___ SOURCE INFORMATION

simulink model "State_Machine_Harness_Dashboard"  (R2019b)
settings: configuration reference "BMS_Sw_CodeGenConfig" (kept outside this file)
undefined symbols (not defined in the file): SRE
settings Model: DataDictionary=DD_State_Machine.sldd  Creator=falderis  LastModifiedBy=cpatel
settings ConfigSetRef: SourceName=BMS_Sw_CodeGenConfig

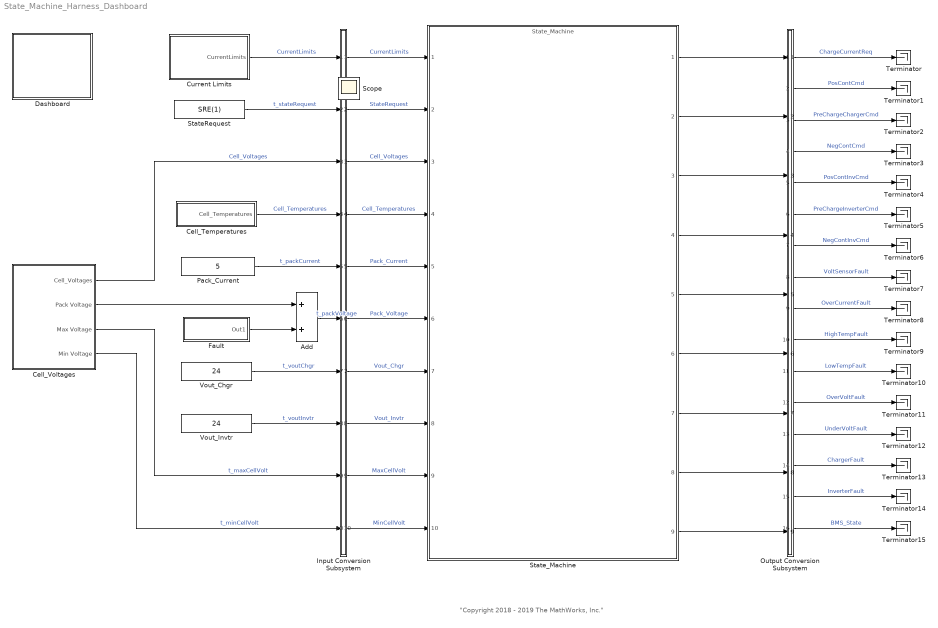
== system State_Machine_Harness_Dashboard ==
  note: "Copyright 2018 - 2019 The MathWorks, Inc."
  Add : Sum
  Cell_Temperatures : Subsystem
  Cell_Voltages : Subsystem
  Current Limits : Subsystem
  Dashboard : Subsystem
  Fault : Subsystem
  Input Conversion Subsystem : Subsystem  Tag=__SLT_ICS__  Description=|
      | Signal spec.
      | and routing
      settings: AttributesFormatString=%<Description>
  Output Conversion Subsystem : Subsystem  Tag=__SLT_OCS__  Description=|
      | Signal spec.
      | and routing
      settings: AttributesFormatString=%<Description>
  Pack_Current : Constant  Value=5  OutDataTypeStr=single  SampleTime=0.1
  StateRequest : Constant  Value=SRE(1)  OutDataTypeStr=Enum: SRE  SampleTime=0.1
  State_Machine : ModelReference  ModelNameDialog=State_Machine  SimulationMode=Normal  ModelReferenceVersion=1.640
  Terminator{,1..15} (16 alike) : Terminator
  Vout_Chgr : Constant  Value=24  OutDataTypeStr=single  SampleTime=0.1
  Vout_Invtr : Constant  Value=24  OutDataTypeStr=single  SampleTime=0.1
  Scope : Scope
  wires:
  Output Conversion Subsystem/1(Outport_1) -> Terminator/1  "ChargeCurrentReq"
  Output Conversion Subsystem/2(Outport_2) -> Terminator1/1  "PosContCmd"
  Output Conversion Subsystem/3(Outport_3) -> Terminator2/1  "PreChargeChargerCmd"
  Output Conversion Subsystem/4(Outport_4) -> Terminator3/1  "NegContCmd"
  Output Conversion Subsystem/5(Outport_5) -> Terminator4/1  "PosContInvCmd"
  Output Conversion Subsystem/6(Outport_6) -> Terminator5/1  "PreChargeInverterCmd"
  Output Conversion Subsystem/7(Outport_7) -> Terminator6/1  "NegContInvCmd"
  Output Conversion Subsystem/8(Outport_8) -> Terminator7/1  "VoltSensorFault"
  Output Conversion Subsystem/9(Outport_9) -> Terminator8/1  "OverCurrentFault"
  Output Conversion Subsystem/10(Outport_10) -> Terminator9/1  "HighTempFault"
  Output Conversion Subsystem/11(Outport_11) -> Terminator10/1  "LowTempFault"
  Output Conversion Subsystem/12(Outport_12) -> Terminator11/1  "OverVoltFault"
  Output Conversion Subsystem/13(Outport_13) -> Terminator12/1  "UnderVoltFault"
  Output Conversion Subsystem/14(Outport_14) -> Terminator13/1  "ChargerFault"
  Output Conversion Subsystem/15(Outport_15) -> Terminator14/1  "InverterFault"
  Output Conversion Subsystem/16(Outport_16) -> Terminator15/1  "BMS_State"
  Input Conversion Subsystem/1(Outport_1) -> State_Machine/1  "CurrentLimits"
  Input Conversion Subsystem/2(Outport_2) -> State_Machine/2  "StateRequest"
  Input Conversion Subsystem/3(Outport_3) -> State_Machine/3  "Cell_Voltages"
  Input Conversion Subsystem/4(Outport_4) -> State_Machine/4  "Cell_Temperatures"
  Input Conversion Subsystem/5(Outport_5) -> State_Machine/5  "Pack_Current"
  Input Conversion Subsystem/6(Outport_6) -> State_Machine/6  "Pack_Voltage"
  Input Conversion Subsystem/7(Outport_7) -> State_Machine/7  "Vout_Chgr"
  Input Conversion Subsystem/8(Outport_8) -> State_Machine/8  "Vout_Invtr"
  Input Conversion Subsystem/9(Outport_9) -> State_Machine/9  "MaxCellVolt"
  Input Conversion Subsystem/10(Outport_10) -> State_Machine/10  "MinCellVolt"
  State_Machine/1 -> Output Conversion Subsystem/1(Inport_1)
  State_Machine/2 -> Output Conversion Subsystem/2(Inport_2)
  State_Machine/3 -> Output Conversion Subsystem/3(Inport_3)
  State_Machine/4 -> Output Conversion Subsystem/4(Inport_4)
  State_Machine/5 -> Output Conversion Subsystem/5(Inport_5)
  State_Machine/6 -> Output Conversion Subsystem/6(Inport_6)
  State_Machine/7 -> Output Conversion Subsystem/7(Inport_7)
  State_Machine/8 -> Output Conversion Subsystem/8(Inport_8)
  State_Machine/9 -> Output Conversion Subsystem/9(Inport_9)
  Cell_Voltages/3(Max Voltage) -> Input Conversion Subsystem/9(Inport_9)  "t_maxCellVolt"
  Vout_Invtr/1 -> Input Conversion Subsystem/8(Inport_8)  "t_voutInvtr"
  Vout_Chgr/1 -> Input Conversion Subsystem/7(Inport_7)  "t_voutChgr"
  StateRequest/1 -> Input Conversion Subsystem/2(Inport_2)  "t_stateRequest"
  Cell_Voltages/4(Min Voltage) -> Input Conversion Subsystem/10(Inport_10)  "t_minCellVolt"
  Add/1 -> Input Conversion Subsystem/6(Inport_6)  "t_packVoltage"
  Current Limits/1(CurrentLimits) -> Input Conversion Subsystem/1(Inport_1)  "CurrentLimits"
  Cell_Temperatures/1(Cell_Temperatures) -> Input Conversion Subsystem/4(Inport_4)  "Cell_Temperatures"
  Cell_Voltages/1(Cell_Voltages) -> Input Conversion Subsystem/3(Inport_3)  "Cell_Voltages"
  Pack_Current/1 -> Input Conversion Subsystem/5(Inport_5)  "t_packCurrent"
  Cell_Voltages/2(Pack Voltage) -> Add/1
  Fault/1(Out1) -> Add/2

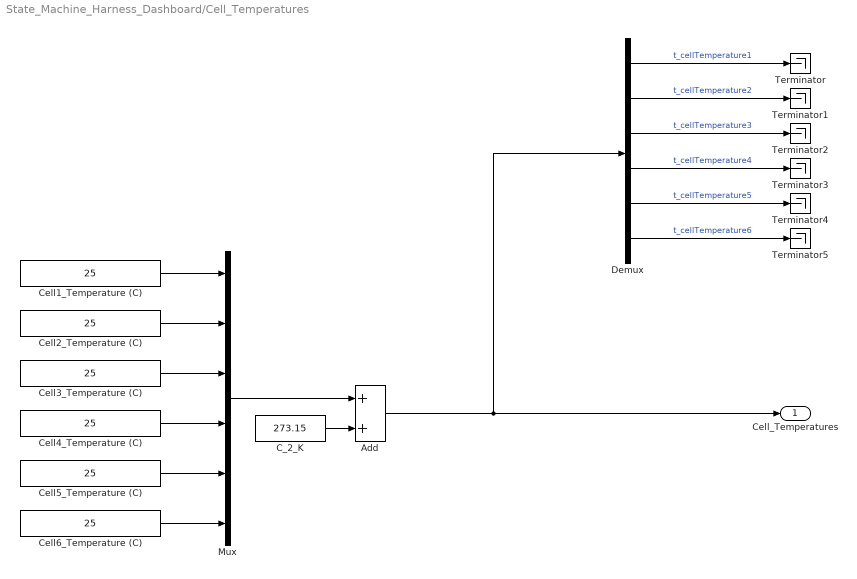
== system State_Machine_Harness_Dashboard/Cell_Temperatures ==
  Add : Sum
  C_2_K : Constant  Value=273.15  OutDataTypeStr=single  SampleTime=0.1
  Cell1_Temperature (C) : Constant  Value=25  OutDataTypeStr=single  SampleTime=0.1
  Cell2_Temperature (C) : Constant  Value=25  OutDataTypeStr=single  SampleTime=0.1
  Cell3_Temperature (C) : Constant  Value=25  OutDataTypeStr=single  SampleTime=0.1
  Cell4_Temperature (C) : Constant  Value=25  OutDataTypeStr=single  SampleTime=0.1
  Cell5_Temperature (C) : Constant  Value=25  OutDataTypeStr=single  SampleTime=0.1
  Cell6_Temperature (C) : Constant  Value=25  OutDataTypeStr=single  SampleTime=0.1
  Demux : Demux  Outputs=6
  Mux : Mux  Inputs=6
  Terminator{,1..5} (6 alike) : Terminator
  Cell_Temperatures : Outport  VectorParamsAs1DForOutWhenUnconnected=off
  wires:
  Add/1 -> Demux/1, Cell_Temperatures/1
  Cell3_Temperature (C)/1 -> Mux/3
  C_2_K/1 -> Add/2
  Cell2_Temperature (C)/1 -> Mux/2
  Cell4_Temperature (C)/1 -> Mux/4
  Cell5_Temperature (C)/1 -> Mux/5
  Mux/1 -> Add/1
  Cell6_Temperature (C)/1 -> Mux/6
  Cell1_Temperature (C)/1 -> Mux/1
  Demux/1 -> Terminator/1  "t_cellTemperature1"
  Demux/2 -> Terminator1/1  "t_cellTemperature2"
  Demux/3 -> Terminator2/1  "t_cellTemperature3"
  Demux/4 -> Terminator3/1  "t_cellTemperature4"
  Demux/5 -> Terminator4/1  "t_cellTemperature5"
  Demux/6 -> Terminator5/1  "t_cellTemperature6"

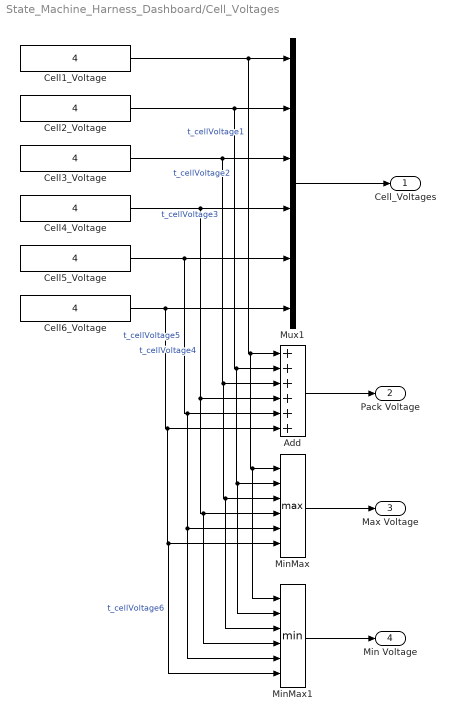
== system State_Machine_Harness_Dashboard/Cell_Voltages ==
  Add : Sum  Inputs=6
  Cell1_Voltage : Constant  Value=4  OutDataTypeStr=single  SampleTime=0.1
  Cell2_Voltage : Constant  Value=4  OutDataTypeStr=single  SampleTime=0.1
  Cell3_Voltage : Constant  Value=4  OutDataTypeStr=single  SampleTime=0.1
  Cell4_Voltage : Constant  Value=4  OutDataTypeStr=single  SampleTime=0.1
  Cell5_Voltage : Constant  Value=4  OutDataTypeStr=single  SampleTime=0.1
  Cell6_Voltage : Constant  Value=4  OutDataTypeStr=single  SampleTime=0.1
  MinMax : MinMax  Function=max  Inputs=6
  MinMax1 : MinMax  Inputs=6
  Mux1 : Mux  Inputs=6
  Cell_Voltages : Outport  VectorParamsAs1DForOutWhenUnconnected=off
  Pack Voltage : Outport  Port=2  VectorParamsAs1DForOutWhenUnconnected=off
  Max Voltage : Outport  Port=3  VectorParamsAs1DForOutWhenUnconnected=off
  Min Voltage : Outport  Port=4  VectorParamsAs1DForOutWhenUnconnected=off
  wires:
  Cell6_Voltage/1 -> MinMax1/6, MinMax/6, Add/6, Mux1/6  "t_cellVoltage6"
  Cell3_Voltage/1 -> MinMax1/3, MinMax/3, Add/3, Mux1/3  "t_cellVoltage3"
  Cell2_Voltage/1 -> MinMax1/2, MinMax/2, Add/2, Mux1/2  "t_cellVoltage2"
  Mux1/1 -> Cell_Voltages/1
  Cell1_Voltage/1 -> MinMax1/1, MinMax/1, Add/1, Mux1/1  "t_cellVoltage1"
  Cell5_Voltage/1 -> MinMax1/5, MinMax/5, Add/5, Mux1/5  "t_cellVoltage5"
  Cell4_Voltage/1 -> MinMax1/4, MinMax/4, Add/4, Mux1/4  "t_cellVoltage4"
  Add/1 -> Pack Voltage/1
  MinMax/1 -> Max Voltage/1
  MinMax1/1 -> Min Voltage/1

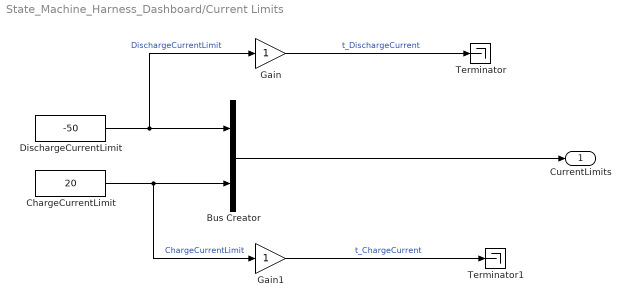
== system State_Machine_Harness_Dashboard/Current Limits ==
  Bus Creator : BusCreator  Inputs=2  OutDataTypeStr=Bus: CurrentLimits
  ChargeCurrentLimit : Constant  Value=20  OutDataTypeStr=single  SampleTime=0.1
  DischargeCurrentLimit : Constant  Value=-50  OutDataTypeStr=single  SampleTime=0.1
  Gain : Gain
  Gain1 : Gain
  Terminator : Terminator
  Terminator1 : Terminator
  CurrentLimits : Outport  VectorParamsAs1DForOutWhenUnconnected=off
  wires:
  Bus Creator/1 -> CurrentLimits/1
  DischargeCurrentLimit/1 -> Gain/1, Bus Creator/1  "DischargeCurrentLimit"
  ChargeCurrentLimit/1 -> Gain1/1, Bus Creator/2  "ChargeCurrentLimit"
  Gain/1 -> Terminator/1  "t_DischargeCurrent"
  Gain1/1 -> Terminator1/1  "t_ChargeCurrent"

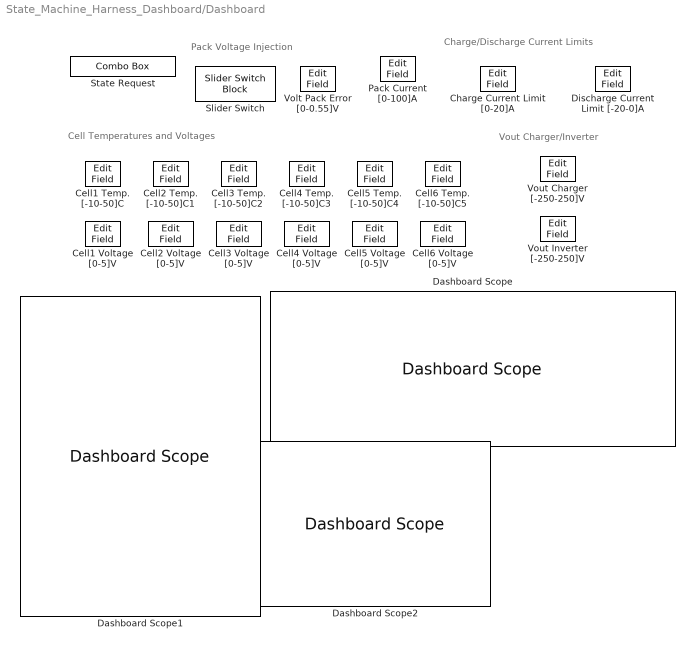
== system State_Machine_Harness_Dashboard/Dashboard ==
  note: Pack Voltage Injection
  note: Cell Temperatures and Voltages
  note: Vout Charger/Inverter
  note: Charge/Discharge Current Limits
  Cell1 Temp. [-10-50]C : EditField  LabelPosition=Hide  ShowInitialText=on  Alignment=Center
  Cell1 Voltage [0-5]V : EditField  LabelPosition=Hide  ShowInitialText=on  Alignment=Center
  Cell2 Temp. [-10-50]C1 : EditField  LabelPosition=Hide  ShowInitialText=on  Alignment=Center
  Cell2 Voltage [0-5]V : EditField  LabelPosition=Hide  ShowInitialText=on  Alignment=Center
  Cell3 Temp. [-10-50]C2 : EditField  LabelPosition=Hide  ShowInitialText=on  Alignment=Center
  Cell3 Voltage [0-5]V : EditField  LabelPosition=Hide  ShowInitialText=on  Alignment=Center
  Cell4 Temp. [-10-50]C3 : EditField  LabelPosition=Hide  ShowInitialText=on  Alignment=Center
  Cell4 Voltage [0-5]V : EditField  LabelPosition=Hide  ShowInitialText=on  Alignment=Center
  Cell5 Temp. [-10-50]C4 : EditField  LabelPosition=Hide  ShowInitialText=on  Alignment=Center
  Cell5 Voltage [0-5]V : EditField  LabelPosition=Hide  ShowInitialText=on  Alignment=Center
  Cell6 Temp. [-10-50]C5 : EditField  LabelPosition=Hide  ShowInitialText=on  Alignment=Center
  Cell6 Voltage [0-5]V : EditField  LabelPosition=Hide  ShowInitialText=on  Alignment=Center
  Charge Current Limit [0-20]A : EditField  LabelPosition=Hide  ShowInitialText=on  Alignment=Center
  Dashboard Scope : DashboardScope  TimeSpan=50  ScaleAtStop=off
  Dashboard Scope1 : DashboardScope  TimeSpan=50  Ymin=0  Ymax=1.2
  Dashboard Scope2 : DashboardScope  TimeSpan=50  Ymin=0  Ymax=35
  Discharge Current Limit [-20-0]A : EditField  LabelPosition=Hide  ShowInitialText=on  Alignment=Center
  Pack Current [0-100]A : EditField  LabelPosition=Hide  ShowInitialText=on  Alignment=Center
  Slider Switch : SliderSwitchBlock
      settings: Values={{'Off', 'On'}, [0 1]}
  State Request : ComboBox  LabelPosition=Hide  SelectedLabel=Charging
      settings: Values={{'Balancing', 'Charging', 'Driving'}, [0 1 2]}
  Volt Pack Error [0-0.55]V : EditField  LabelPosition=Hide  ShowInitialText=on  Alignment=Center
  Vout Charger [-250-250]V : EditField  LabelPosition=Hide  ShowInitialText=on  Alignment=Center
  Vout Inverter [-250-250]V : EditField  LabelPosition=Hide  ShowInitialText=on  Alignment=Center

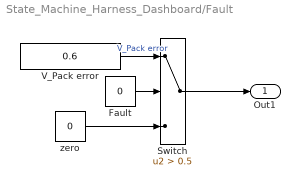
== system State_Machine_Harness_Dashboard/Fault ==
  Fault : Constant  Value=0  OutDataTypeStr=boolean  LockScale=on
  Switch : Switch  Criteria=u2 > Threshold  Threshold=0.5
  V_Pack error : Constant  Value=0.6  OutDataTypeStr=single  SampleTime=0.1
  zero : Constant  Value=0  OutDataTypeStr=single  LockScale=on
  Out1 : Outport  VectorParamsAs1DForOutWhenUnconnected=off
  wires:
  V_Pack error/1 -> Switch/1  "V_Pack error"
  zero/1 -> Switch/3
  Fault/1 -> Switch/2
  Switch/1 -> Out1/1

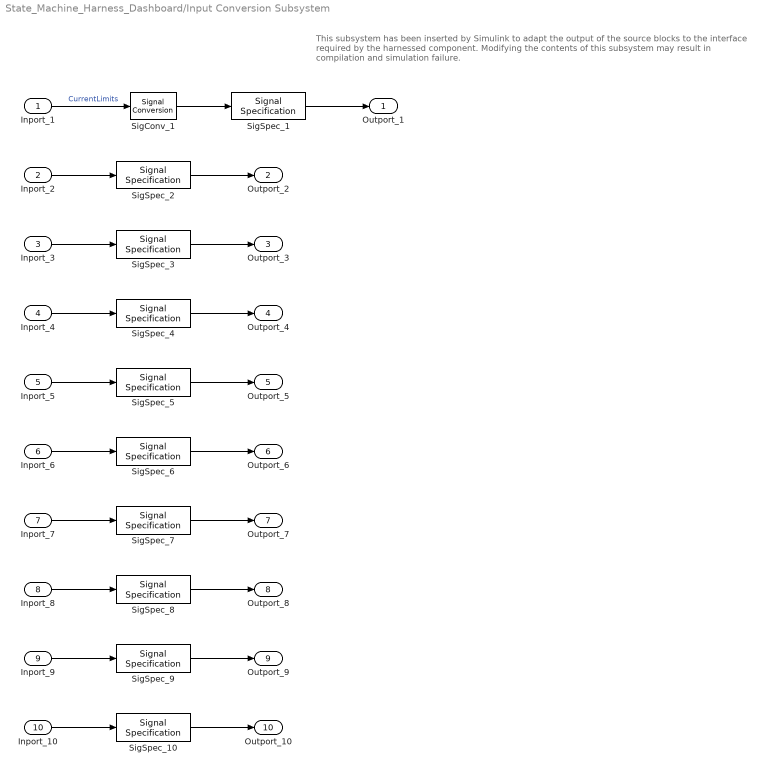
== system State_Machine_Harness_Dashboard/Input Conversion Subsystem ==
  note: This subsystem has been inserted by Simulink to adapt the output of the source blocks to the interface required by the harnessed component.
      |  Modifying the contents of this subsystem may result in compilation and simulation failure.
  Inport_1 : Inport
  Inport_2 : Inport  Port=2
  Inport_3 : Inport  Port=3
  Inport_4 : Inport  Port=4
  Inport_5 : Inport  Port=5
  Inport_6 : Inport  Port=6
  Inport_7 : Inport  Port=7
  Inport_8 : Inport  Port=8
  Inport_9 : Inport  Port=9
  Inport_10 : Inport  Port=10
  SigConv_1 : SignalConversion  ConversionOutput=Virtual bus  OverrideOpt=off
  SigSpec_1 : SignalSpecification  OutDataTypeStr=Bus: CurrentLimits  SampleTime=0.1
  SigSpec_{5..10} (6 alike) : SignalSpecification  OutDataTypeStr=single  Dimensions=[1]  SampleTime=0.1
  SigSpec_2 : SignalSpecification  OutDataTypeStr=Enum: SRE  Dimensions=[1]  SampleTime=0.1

______

■ **ASSIGNED TASK**: Print only these lines, please. They run from the start of the entries above to the line containing "settings Model: DataDictionary=DD_State_Machine.sldd", both ends included, and must match exactly.

■ **RESPONSE TO THIS EXERCISE**:
simulink model "State_Machine_Harness_Dashboard"  (R2019b)
settings: configuration reference "BMS_Sw_CodeGenConfig" (kept outside this file)
undefined symbols (not defined in the file): SRE
settings Model: DataDictionary=DD_State_Machine.sldd  Creator=falderis  LastModifiedBy=cpatel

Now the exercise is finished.